Can a function template have multiple type parameters? Give a conceptual syntax.
Yes. Conceptual syntax: template <typename T1, typename T2> ReturnType function_name(T1 param1, T2 param2) { /* ... */ }.
What is a ‘class template’? Describe its basic purpose.
A class template is a blueprint for creating a family of classes that have the same structure and member functions but can operate on different data types specified as template parameters. It allows for generic data structures and classes.
What is the basic syntax for declaring a class template named MyCollection that can hold elements of a generic type T?
template <typename T> class MyCollection { private: T* data; int size; public: /* constructors, methods using T */ };
How do you instantiate an object of a class template MyCollection to hold integers?
MyCollection<int> intCollection; The actual type (int) is specified within angle brackets.
If a member function of a class template is defined outside the class declaration, what special syntax is required for its definition?

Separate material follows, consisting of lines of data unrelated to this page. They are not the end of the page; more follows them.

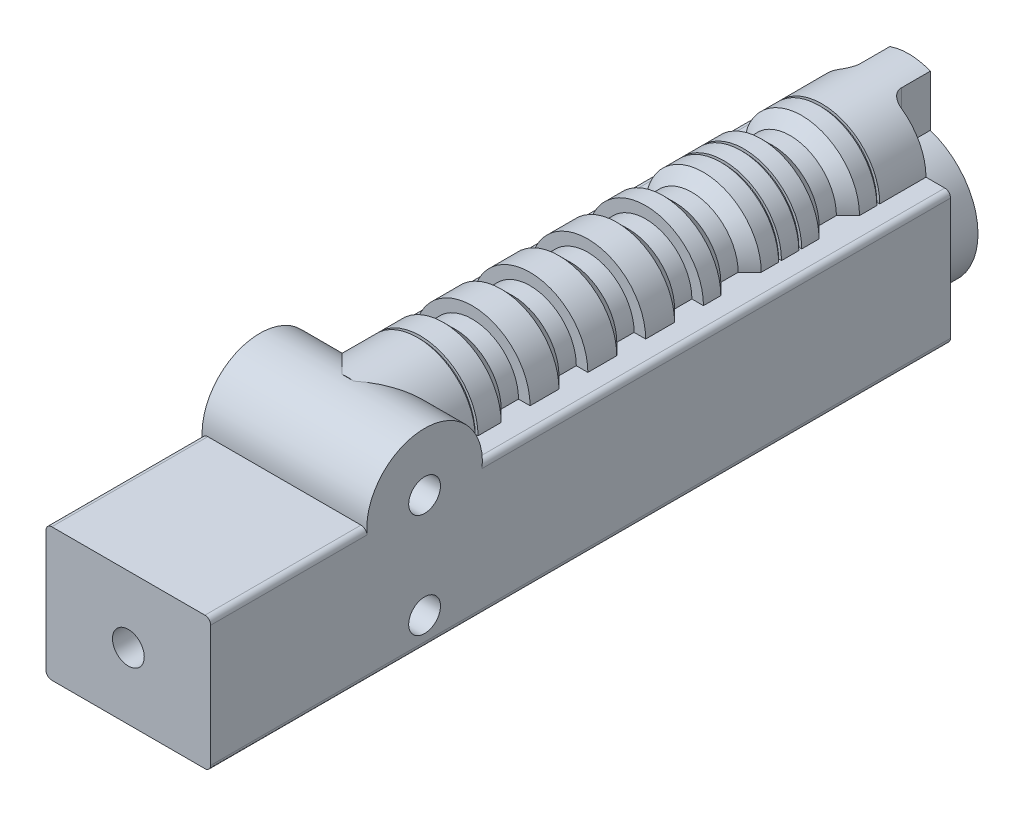
SolidWorks part; units mm, degrees
ref_plane "Front Plane" through (0, 0, 0) normal (0, 0, 1) x (1, 0, 0)
ref_plane "Top Plane" through (0, 0, 0) normal (0, 1, 0) x (1, 0, 0)
ref_plane "Right Plane" through (0, 0, 0) normal (1, 0, 0) x (0, 0, -1)
sketch "Sketch1" plane through (0, 0, 0) normal (0, 0, 1) x (1, 0, 0)
  line L1 (-14.25, -11.5) -> (14.25, -11.5)
  line L2 (-14.25, -11.5) -> (-14.25, 11.5)
  line L3 (-14.25, 11.5) -> (14.25, 11.5)
  line L4 (14.25, -11.5) -> (14.25, 11.5)
  line L5 (-14.25, -11.5) -> (14.25, 11.5) construction
  line L6 (-14.25, 11.5) -> (14.25, -11.5) construction
  point P0 (0, 0)
  dimension "D1" = 23
  dimension "D2" = 28.5
extrude "Centre block" add sketch "Sketch1" along normal blind 128
sketch "Sketch3" plane through (0, 0, 0) normal (0, 0, -1) x (-1, 0, 0)
  line L0 (-14.25, 11.5) -> (14.25, 11.5) construction
  line L1 (-10, 11.5) -> (10, 11.5)
  arc A0 (10, 11.5) -> (-10, 11.5) centre (0, 11.5) ccw
  dimension "D1" = 20
extrude "top cylinder" add sketch "Sketch3" against normal blind 90 and the other way blind 7
ref_plane "top" through (0, 11.5, 0) normal (0, 1, 0) x (1, 0, 0)
ref_axis "Axis3" through (0, 11.5, -7) along (0, 0, 1)
sketch "Sketch9" plane through (0, 11.5, 0) normal (0, 1, 0) x (1, 0, 0)
  line L0 (10, 0) -> (10, -90) construction
  line L1 (10, -78) -> (10, -81.8886)
  line L2 (10, -74.0526) -> (10, -73.5)
  line L3 (10, 0) -> (23.1871, 0)
  line L4 (23.1871, -74.0526) -> (23.1871, 0)
  line L5 (14.25, 0) -> (10, 0) construction
  line L6 (10, -8.5) -> (9.5, -8.5)
  line L7 (10, -11.5) -> (8, -13.5)
  line L8 (10, -8) -> (9.5, -8)
  line L9 (9.5, -8.5) -> (9.5, -8)
  line L10 (10, -8) -> (10, 0)
  line L11 (8, -13.5) -> (8, -16.5)
  line L12 (8, -16.5) -> (10, -18.5)
  line L13 (10, -11.5) -> (10, -8.5)
  line L14 (10, -21.5) -> (10, -18.5)
  line L15 (10, -22) -> (9.5, -22)
  line L16 (10, -25) -> (10, -22)
  line L17 (10, -21.5) -> (9.5, -21.5)
  line L18 (9.5, -22) -> (9.5, -21.5)
  line L19 (10, -25) -> (9.5, -25)
  line L20 (8, -60.3) -> (8, -58.5)
  line L21 (10, -25.5) -> (9.5, -25.5)
  line L22 (9.5, -25) -> (9.5, -25.5)
  line L23 (10, -28.5) -> (8, -30.5)
  line L24 (8, -30.5) -> (8, -33.5)
  line L25 (8, -33.5) -> (10, -35.5)
  line L26 (10, -28.5) -> (10, -25.5)
  line L27 (8, -48.5) -> (8, -51.5)
  line L28 (8, -41.5) -> (10, -43.5)
  line L29 (10, -38.5) -> (10, -35.5)
  line L30 (8, -58.5) -> (10, -58.5)
  line L31 (8, -51.5) -> (10, -53.5)
  line L34 (8, -61.5) -> (10, -63.5)
  line L35 (8, -60.3) -> (8, -61.5)
  line L36 (8, -48.5) -> (10, -48.5)
  line L37 (8, -71.5) -> (10, -73.5)
  line L38 (8, -70.3) -> (8, -71.5)
  line L39 (10, -68.5) -> (10, -63.5)
  line L40 (10, -58.5) -> (10, -53.5)
  line L41 (10, -48.5) -> (10, -43.5)
  line L42 (10, -78) -> (9.5, -78)
  line L43 (8, -41.5) -> (8, -38.5)
  line L44 (10, -74.0526) -> (10, -77.5)
  line L45 (10, -81.8886) -> (23.1871, -81.8886)
  line L46 (23.1871, -74.0526) -> (23.1871, -81.8886)
  line L47 (10, -77.5) -> (9.5, -77.5)
  line L48 (9.5, -78) -> (9.5, -77.5)
  line L52 (8, -38.5) -> (10, -38.5)
  line L54 (8, -70.3) -> (8, -68.5)
  line L55 (8, -68.5) -> (10, -68.5)
  point P52 (8, -38.5)
  dimension "D1" = 0.5
  dimension "D2" = 0.5
  dimension "D3" = 8
  dimension "D4" = 3
  dimension "D5" = 2
  dimension "D6" = 3
  dimension "D7" = 2
  dimension "D8" = 2
  dimension "D9" = 0.5
  dimension "D10" = 0.5
  dimension "D11" = 3
  dimension "D12" = 0.5
  dimension "D13" = 3
  dimension "D14" = 2
  dimension "D15" = 3
  dimension "D16" = 2
  dimension "D17" = 3
  dimension "D18" = 3
  dimension "D19" = 2
  dimension "D20" = 3
  dimension "D22" = 0.5
  dimension "D23" = 4
  dimension "D21" = 4
revolve "Cut-Revolve2" cut sketch "Sketch9" angle 180 about axis through (0, 11.5, -7) along (0, 0, 1)
sketch "Sketch4" plane through (0, 11.5, 0) normal (0, -1, 0) x (1, 0, 0)
  line L1 (10, -7) -> (-10, -7) construction
  line L3 (-3.25, -7) -> (-3.25, -2)
  line L4 (10, 0) -> (-10, 0) construction
  line L5 (-5.25, 0) -> (-10, 0)
  line L6 (-10, 0) -> (-10, -7)
  line L7 (-10, -7) -> (-10, 0) construction
  line L8 (-10, -7) -> (-3.25, -7)
  line L9 (3.75, -7) -> (3.75, -2)
  line L10 (-14.25, 0) -> (14.25, 0) construction
  line L11 (5.75, 0) -> (10, 0)
  line L12 (10, 0) -> (10, -7)
  line L13 (10, -7) -> (3.75, -7)
  arc A0 (5.75, 0) -> (3.75, -2) centre (5.75, -2) ccw
  arc A1 (-3.25, -2) -> (-5.25, 0) centre (-5.25, -2) ccw
  point P21 (3.75, 0)
  point P25 (-3.25, 0)
  dimension "D3" = 2
  dimension "D1" = 3.25
  dimension "D2" = 7
extrude "nose" cut sketch "Sketch4" against normal through all
sketch "Sketch5" plane through (14.25, 0, 0) normal (1, 0, 0) x (0, 0, -1)
  line L0 (-128, 11.5) -> (0, 11.5) construction
  line L1 (-128, -11.5) -> (-128, 11.5) construction
  line L2 (-101, 11.5) -> (-81, 11.5)
  arc A0 (-81, 11.5) -> (-101, 11.5) centre (-91, 11.5) ccw
  dimension "D1" = 20
  dimension "D2" = 37
extrude "t cross" add sketch "Sketch5" against normal up to surface (28.5 mm away) up to face at (-14.25, 0, 64)
sketch "Sketch6" plane through (0, 0, 0) normal (0, 0, -1) x (-1, 0, 0)
  line L0 (14.25, -11.5) -> (-14.25, -11.5) construction
  circle A0 centre (0, 0.5) radius 12
  dimension "D1" = 24
  dimension "D2" = 12
extrude "Barrel" add sketch "Sketch6" along normal blind 7 contours A0
ref_axis "Axis1" through (0, 0.5, -37.165) along (0, 0, 1)
sketch "Sketch2" plane through (0, 0, 0) normal (0, 0, -1) x (-1, 0, 0)
  line L0 (14.25, 11.5) -> (14.25, -11.5) construction
  line L1 (14.25, 10) -> (14.25, -10)
  arc A0 (14.25, -10) -> (14.25, 10) centre (14.25, 0) ccw
  dimension "D1" = 20
extrude "side cylinder" add sketch "Sketch2" against normal up to surface (128 mm away) up to face at (0, 0, 128)
ref_axis "side axis" through (-14.25, 0, 135.3823) along (0, 0, -1)
ref_plane "side" through (-14.25, 0, 0) normal (1, 0, 0) x (0, 0, -1)
sketch "Sketch7" plane through (-14.25, 0, 0) normal (1, 0, 0) x (0, 0, -1)
  line L0 (-51, -10) -> (-51, -9)
  line L1 (0, -10) -> (-51, -10)
  line L2 (0, -10) -> (0, -14.8124)
  line L3 (0, -14.8124) -> (-117.5, -14.8124)
  line L4 (-117.5, -14.8124) -> (-124.65, -14.8124)
  line L5 (-51, -9) -> (-51.5, -9)
  line L6 (-51.5, -9) -> (-51.5, -10)
  line L7 (-51.5, -10) -> (-55.5, -10)
  line L8 (-60.5, -10) -> (-64.5, -10)
  line L9 (-57.5, -8) -> (-55.5, -10)
  line L10 (-66.5, -8) -> (-64.5, -10)
  line L11 (-57.5, -8) -> (-58.7748, -8)
  line L12 (-58.7748, -8) -> (-60.5, -8)
  line L13 (-66.5, -8) -> (-67.7748, -8)
  line L14 (-60.5, -8) -> (-60.5, -10)
  line L15 (-75.5, -8) -> (-73.5, -10)
  line L16 (-75.5, -8) -> (-76.7748, -8)
  line L18 (-84.5, -8) -> (-82.5, -10)
  line L19 (-84.5, -8) -> (-85.7748, -8)
  line L21 (-93.5, -8) -> (-91.5, -10)
  line L22 (-93.5, -8) -> (-94.7748, -8)
  line L24 (-102.5, -8) -> (-100.5, -10)
  line L25 (-102.5, -8) -> (-105.5, -8)
  line L26 (-111, -10) -> (-114, -10)
  line L27 (-69.5, -10) -> (-73.5, -10)
  line L28 (-78.5, -10) -> (-82.5, -10)
  line L29 (-87.5, -10) -> (-91.5, -10)
  line L30 (-96.5, -10) -> (-100.5, -10)
  line L31 (-107.5, -10) -> (-110.5, -10)
  line L32 (-105.5, -8) -> (-107.5, -10)
  line L33 (-114.5, -10) -> (-117.5, -10)
  line L34 (-67.7748, -8) -> (-69.5, -8)
  line L35 (-110.5, -10) -> (-110.5, -9)
  line L36 (-110.5, -9) -> (-111, -9)
  line L37 (-111, -10) -> (-111, -9)
  line L38 (-117.5, -10) -> (-119.5, -8)
  line L39 (-114, -10) -> (-114, -9)
  line L40 (-114, -9) -> (-114.5, -9)
  line L41 (-114.5, -10) -> (-114.5, -9)
  line L42 (-119.5, -8) -> (-122.65, -8)
  line L43 (-122.65, -8) -> (-124.65, -10)
  line L45 (-69.5, -8) -> (-69.5, -10)
  line L46 (-124.65, -14.8124) -> (-124.65, -10)
  line L48 (-76.7748, -8) -> (-78.5, -8)
  line L49 (-78.5, -8) -> (-78.5, -10)
  line L53 (-85.7748, -8) -> (-87.5, -8)
  line L56 (-87.5, -8) -> (-87.5, -10)
  line L57 (-94.7748, -8) -> (-96.5, -8)
  line L58 (-96.5, -8) -> (-96.5, -10)
  point P49 (-60.5, -8)
  dimension "D1" = 51
  dimension "D2" = 0.5
  dimension "D3" = 1
  dimension "D4" = 3
  dimension "D5" = 2
  dimension "D6" = 4
  dimension "D8" = 2
  dimension "D9" = 0.5
  dimension "D10" = 0.5
  dimension "D11" = 3
  dimension "D12" = 3
  dimension "D13" = 3.15
  dimension "D14" = 3
  dimension "D15" = 2
  dimension "D16" = 2
  dimension "D17" = 4
  dimension "D7" = 6
revolve "Cut-Revolve1" cut sketch "Sketch7" angle 180 about axis through (-14.25, 0, 135.3823) along (0, 0, -1)
sketch "Sketch8" plane through (0, 0, 128) normal (0, 0, 1) x (1, 0, 0)
  circle A0 centre (0, 0) radius 2.75
  dimension "D1" = 5.5
extrude "Back hole" cut sketch "Sketch8" against normal blind 5
ref_axis "Axis5" through (-14.25, 11.5, 91) along (1, 0, 0)
sketch "Sketch15" plane through (14.25, 0, 0) normal (1, 0, 0) x (0, 0, -1)
  circle A0 centre (-91, 11.5) radius 2.75
  circle A1 centre (-91, -6.5) radius 2.75
  dimension "D1" = 5.5
  dimension "D3" = 18
  dimension "D2" = 2
extrude "Cut-Extrude6" cut sketch "Sketch15" against normal blind 10
sketch "Sketch16" plane through (0, 0, -7) normal (0, 0, -1) x (-1, 0, 0)
  circle A0 centre (0, 0) radius 6.5
  dimension "D1" = 13
fillet "Fillet2" radius 1 6 edges at (14.25, -11.5, 64) (-14.25, -11.5, 64) (-14.25, 11.5, 40.5) (-14.25, 11.5, 114.5) (14.25, 11.5, 40.5) (14.25, 11.5, 114.5)
extrude "Cut-Extrude7" cut sketch "Sketch16" against normal blind 20
sketch "Sketch17" [suppressed] plane through (0, 0, 0) normal (0, 0, -1) x (-1, 0, 0)
  line L0 (14.25, 12.65) -> (14.25, -12.65) construction
  line L1 (14.25, -11.5) -> (21.8493, -11.5)
  line L2 (14.25, -11.5) -> (14.25, -6.5)
  line L3 (14.25, -6.5) -> (21.8493, -6.5)
  line L4 (21.8493, -11.5) -> (21.8493, -6.5)
  line L5 (13.25, -11.5) -> (0, -11.5) construction
  arc A0 (14.25, -10) -> (14.25, 10) centre (14.25, 0) ccw construction
  dimension "D1" = 5
extrude "Boss-Extrude1" [suppressed] add sketch "Sketch17" against normal blind 0.3
pattern_linear "LPattern1" [suppressed] count 11 spacing 5.07 of bodies 120
sketch "Sketch18" [suppressed] plane through (0, 0, 51.5) normal (0, 0, -1) x (-1, 0, 0)
  line L0 (14.25, 12.65) -> (14.25, -12.65) construction
  line L1 (14.25, -11.4537) -> (21.8493, -11.4537)
  line L2 (14.25, -11.4537) -> (14.25, -6.5)
  line L3 (14.25, -6.5) -> (21.8493, -6.5)
  line L4 (21.8493, -11.4537) -> (21.8493, -6.5)
  line L5 (21.8493, -11.5) -> (21.8493, -6.5) construction
  arc A0 (21.8493, -6.5) -> (14.25, 10) centre (14.25, 0) ccw construction
extrude "Boss-Extrude2" [suppressed] add sketch "Sketch18" against normal blind 0.3
pattern_linear "LPattern2" [suppressed] count 2 spacing 3.7 of bodies 122
pattern_linear "LPattern3" [suppressed] count 6 spacing 9 of bodies 123
sketch "Sketch19" [suppressed] plane through (0, 0, 110.5) normal (0, 0, 1) x (1, 0, 0)
  line L1 (-14.25, -11.4537) -> (-21.8493, -11.4537)
  line L2 (-14.25, -11.4537) -> (-14.25, -6.5)
  line L3 (-14.25, -6.5) -> (-21.8493, -6.5)
  line L4 (-21.8493, -11.4537) -> (-21.8493, -6.5)
extrude "Boss-Extrude3" [suppressed] add sketch "Sketch19" along normal blind 0.3 from offset 2.95 offset against normal yes
pattern_linear "LPattern4" [suppressed] count 2 spacing 2.6 of bodies 125
pattern_linear "LPattern5" [suppressed] count 3 spacing 3.5 of bodies 126
pattern_linear "LPattern6" [suppressed] count 2 spacing 17.5 of bodies 127
sketch "Sketch20" [suppressed] plane through (0, 0, -7) normal (0, 0, -1) x (-1, 0, 0)
  line L0 (13.25, -11.5) -> (0, -11.5) construction
  line L1 (-11.9896, 0) -> (-6.4896, 0)
  line L2 (-11.9896, 0) -> (-11.9896, -11.5)
  line L3 (-11.9896, -11.5) -> (12, -11.5)
  line L4 (12, 0) -> (12, -11.5)
  line L5 (6.5, 0) -> (12, 0)
  arc A0 (-4.7958, 11.5) -> (0, -11.5) centre (0, 0.5) ccw construction
  arc A1 (-6.4896, 0) -> (6.5, 0) centre (0.0052, 0) ccw
extrude "Boss-Extrude4" [suppressed] add sketch "Sketch20" against normal blind 0.3
pattern_linear "LPattern7" [suppressed] count 2 spacing 3.5 along (0, 0, 1) of bodies 129
sketch "Sketch21" plane through (-14.25, 0, 0) normal (-1, 0, 0) x (0, 0, 1)
  line L1 (-12.1946, 24.7848) -> (140.3905, 24.7848)
  line L2 (-12.1946, 24.7848) -> (-12.1946, -18.054)
  line L3 (-12.1946, -18.054) -> (140.3905, -18.054)
  line L4 (140.3905, 24.7848) -> (140.3905, -18.054)
extrude "Cut-Extrude10" cut sketch "Sketch21" along normal through all
sketch "Sketch23" plane through (-14.25, 0, 0) normal (-1, 0, 0) x (0, 0, 1)
  line L0 (135.3823, 0) -> (-12.8715, 0) construction
  line L1 (128, 10.5) -> (128, -10.5) construction
  line L2 (0, 10.5) -> (0, -10.5) construction
  circle A0 centre (10, 0) radius 2.75
  circle A1 centre (118, 0) radius 2.75
  circle A2 centre (64, 0) radius 2.75
  dimension "D1" = 5.5
  dimension "D2" = 5.5
  dimension "D3" = 5.5
  dimension "D4" = 10
  dimension "D5" = 10
  dimension "D6" = 54
  dimension "D7" = 54
extrude "Cut-Extrude11" cut sketch "Sketch23" against normal blind 5
sketch "Sketch24" plane through (0, -11.5, 0) normal (0, -1, 0) x (1, 0, 0)
  line L0 (0, -7) -> (0, 90) construction
  line L1 (0, 0) -> (13.25, 0) construction
  circle A0 centre (0, 20) radius 2.75
  circle A1 centre (0, 90) radius 2.75
  dimension "D1" = 5.5
  dimension "D2" = 5.5
  dimension "D3" = 20
  dimension "D4" = 70
extrude "Bottom Mount Holes" cut sketch "Sketch24" against normal blind 5

The member function definition must also be a template and be prefixed with template <typename T> (or whatever template parameters the class uses), and the class name must be qualified with the template parameter, e.g., template <typename T> void MyCollection<T>::add(T item) { /* ... */ }.
Why are the definitions of template classes and their member functions (if not defined inline) usually placed entirely in header (.h or .hpp) files?
Because the compiler needs the full template definition (not just the declaration) at the point where the template is instantiated with a specific type. If definitions were in a .cpp file, the compiler wouldn’t see them when compiling another .cpp file that uses the template, leading to linking errors.
Consider a class template BinLattice<Type> designed to store a 2D lattice where Type can be double for prices or bool for a stopping policy. How does this demonstrate the power of class templates?
It allows the same underlying data structure and access logic (e.g., SetNode, GetNode) to be reused for different data types without duplicating the class code. One generic BinLattice definition serves multiple purposes.
If BinLattice<Type> has a member std::vector<std::vector<Type>> Lattice;, how does Type affect this member?
Type determines the kind of data stored in the innermost vectors. If Type is double, it’s a vector of vectors of doubles. If Type is bool, it’s a vector of vectors of bools.
If BinLattice<Type> has a function void SetNode(int n, int i, Type x);, how does the template parameter Type influence this function’s usage?
The third parameter x must be of the same type as Type with which the BinLattice object was instantiated. For BinLattice<double> prices;, x must be a double. For BinLattice<bool> policy;, x must be a bool.
Can std::vector itself be considered an example of a class template? Explain briefly.
Yes, std::vector is a class template from the C++ Standard Library. You use it like std::vector<int>, std::vector<double>, or std::vector<MyClass>, where the type in the angle brackets is the template argument specifying what type of elements the vector will hold.
What is ‘generic programming’ and how do templates facilitate it?
Generic programming is a style of computer programming in which algorithms are written in terms of to-be-specified-later types that are then instantiated when needed for specific types provided as parameters. Templates are the C++ mechanism for achieving this, allowing code to be written once and used with various data types.
When designing a function template that performs an operation (e.g., comparison with < as in myMin), what is an implicit assumption about the types T that can be used with it?
The template assumes that the operations used within its body (like < for myMin, or + if it were a sum template) are valid and defined for any type T with which the template is instantiated. If T doesn’t support those operations, a compile error will occur.